Work task: In the listing that follows, count each line containing the string "centre" and report only the count.

Given entries:

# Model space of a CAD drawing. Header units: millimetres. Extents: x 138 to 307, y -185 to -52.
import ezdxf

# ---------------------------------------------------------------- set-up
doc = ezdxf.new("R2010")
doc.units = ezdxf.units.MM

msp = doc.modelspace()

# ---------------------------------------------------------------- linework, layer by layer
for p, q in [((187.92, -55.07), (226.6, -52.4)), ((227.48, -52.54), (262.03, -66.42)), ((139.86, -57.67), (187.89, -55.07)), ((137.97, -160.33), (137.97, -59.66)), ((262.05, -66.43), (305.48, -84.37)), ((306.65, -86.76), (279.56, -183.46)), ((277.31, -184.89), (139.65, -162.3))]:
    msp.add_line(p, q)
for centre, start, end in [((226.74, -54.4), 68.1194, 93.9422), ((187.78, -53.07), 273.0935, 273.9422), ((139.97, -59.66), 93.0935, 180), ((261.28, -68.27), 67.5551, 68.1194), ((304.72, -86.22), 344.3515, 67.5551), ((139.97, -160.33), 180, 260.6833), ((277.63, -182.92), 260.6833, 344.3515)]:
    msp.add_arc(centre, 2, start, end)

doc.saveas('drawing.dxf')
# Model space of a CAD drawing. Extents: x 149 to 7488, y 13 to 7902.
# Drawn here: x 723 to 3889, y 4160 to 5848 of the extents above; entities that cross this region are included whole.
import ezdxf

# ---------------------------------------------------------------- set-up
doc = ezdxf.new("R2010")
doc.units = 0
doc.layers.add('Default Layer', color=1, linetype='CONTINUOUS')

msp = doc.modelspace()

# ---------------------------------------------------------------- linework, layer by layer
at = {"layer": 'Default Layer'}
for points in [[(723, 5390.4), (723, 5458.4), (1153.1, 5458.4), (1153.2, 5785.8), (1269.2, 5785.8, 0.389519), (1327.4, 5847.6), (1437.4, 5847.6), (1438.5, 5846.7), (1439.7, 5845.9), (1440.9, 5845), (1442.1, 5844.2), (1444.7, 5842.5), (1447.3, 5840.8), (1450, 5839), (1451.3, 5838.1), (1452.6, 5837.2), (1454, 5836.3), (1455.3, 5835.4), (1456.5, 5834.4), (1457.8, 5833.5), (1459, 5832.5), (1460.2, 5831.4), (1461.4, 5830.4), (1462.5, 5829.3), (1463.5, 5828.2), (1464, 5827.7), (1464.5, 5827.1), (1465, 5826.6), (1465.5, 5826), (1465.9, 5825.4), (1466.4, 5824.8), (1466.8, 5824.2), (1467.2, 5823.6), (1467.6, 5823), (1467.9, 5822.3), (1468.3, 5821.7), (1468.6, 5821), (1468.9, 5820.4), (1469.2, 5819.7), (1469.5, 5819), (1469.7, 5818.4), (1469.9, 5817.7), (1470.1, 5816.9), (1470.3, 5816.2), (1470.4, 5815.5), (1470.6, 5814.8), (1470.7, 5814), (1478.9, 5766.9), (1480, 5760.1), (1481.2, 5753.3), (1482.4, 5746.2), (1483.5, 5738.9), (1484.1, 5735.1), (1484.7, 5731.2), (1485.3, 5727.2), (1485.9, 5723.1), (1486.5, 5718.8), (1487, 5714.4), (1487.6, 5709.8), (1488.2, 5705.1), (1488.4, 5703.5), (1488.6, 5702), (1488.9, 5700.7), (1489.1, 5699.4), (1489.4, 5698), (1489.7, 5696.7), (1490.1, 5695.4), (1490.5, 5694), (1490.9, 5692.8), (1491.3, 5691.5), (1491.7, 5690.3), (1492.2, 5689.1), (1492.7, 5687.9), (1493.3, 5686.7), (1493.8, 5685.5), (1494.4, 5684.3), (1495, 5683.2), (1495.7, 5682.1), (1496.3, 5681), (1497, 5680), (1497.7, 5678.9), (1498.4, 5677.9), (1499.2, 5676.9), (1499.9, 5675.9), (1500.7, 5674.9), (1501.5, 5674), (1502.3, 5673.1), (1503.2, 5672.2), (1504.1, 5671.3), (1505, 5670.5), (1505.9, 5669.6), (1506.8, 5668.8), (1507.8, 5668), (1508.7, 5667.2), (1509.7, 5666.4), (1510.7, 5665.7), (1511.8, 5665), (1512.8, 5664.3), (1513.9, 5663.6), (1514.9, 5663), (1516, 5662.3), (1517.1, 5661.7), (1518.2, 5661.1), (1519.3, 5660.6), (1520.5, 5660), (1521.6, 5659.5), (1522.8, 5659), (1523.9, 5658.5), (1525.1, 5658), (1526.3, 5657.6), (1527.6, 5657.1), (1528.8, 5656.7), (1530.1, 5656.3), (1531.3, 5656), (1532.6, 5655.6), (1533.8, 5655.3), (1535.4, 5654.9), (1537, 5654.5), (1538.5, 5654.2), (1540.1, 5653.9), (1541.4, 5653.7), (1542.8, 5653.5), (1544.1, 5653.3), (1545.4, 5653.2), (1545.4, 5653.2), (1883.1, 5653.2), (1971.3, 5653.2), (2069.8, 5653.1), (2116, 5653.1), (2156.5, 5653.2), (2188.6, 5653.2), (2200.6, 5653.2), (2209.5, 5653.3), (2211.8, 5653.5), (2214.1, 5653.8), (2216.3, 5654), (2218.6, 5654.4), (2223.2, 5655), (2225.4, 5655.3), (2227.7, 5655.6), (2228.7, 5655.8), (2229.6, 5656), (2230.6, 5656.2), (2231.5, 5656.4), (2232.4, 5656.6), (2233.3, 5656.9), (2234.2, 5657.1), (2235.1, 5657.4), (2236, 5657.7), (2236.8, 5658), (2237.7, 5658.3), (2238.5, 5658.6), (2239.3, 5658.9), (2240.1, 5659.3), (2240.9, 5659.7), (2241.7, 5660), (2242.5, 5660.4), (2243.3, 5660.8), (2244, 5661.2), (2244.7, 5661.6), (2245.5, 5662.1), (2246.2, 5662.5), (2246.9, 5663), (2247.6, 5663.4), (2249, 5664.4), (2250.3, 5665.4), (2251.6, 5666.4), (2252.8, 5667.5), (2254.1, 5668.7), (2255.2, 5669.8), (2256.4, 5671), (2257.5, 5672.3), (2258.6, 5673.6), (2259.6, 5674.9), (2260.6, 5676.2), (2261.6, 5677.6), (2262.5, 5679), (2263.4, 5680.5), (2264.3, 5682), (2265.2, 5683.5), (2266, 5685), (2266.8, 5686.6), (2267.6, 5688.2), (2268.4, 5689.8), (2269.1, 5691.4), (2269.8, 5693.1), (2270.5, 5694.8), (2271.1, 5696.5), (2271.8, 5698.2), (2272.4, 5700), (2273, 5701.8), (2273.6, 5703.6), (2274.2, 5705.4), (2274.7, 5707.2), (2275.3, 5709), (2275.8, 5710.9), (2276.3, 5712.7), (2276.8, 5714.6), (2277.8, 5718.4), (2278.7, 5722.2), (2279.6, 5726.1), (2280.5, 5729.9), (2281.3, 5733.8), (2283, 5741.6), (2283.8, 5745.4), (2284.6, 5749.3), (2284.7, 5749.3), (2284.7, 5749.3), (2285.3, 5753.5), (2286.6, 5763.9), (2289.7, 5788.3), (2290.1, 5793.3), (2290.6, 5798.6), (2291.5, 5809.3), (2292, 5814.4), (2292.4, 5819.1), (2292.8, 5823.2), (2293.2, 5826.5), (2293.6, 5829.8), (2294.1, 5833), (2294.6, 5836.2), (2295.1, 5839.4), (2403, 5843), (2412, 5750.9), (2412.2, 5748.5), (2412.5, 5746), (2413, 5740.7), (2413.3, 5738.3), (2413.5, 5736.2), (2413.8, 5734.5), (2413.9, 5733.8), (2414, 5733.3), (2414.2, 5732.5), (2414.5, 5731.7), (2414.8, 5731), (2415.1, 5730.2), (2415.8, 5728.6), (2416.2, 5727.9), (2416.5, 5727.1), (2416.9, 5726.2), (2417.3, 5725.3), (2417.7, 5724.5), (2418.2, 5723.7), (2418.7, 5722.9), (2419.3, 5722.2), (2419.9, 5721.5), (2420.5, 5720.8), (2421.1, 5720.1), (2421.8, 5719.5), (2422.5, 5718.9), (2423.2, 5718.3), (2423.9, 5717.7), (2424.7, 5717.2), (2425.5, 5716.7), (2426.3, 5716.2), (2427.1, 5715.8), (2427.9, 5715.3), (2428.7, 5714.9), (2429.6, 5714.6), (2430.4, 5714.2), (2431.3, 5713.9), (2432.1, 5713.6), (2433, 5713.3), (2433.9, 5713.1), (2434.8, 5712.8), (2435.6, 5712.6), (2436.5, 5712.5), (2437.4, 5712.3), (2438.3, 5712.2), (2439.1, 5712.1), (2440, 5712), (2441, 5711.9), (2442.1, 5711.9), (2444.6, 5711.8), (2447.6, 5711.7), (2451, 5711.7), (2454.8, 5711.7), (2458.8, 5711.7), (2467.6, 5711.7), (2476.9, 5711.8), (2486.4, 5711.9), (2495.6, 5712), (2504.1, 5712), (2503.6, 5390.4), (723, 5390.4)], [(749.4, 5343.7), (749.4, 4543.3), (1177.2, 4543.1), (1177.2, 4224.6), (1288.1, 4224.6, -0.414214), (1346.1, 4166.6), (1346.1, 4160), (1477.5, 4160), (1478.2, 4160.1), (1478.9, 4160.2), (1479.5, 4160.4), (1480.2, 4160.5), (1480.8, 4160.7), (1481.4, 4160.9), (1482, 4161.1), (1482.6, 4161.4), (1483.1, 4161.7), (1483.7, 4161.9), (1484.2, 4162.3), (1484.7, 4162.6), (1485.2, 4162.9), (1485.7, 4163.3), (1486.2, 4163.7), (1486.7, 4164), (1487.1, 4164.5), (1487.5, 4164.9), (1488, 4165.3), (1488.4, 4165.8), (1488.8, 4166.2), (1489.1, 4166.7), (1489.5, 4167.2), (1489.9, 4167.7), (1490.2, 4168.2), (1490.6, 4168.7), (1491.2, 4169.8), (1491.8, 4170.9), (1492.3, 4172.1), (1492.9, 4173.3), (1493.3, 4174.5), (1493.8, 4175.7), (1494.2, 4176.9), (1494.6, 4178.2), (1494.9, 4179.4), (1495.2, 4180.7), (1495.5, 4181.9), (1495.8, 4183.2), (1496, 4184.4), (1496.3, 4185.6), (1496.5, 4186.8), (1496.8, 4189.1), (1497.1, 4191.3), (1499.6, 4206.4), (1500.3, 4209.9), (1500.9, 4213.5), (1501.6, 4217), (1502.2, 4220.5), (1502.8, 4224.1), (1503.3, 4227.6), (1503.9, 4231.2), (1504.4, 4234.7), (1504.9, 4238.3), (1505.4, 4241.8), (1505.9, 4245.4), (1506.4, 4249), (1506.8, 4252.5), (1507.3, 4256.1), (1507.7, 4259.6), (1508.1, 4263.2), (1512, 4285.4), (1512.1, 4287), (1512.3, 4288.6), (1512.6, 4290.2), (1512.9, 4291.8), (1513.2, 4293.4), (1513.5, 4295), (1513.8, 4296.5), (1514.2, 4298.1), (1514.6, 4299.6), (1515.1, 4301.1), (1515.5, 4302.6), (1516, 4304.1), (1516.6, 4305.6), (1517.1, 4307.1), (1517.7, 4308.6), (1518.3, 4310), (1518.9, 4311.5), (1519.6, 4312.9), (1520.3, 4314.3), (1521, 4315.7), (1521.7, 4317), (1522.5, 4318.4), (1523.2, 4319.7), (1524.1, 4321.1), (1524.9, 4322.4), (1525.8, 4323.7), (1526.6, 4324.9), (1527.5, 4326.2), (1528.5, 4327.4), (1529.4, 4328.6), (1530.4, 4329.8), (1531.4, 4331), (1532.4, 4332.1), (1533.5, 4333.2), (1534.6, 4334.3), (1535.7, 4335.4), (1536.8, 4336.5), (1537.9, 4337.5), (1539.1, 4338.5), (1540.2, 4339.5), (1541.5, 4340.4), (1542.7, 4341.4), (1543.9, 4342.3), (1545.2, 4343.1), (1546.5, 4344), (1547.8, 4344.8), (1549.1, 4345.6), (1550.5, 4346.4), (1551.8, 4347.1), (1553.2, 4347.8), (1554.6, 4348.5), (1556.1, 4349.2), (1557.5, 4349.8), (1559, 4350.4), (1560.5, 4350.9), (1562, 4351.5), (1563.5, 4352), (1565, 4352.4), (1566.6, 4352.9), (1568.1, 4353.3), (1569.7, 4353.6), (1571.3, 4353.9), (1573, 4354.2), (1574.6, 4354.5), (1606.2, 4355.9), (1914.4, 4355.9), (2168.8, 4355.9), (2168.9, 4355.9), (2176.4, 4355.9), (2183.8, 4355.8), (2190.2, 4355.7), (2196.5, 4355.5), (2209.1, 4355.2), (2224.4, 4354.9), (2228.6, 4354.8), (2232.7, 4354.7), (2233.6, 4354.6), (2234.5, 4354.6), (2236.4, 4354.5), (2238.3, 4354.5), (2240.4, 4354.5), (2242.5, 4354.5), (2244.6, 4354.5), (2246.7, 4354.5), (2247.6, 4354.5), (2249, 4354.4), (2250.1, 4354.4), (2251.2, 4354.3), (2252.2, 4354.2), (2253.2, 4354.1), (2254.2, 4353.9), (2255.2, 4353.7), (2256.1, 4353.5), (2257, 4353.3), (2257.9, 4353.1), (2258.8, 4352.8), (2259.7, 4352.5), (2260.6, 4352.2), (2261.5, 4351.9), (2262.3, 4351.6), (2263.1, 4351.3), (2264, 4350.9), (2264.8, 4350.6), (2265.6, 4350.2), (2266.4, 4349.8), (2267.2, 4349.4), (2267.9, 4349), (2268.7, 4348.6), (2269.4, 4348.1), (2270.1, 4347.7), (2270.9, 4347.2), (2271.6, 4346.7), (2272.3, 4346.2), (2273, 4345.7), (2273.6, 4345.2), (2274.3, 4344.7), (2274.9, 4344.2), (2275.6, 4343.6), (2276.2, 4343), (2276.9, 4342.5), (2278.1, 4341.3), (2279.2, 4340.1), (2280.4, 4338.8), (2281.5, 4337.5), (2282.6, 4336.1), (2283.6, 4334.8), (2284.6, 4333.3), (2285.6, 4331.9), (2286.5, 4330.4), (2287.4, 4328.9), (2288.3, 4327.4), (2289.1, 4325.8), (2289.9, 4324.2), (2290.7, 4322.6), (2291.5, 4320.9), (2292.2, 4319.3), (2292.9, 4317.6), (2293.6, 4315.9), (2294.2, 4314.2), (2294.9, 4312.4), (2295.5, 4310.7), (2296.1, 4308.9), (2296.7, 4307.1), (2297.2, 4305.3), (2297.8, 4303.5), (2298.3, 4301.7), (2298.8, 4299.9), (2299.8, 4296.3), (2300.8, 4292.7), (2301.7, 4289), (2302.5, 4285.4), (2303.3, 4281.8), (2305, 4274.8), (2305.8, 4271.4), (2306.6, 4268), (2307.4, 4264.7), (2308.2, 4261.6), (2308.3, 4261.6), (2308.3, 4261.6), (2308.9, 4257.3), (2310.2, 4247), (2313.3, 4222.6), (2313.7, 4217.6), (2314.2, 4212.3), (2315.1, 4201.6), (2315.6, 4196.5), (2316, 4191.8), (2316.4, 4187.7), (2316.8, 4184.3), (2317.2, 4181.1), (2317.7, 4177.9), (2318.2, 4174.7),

Your response: 2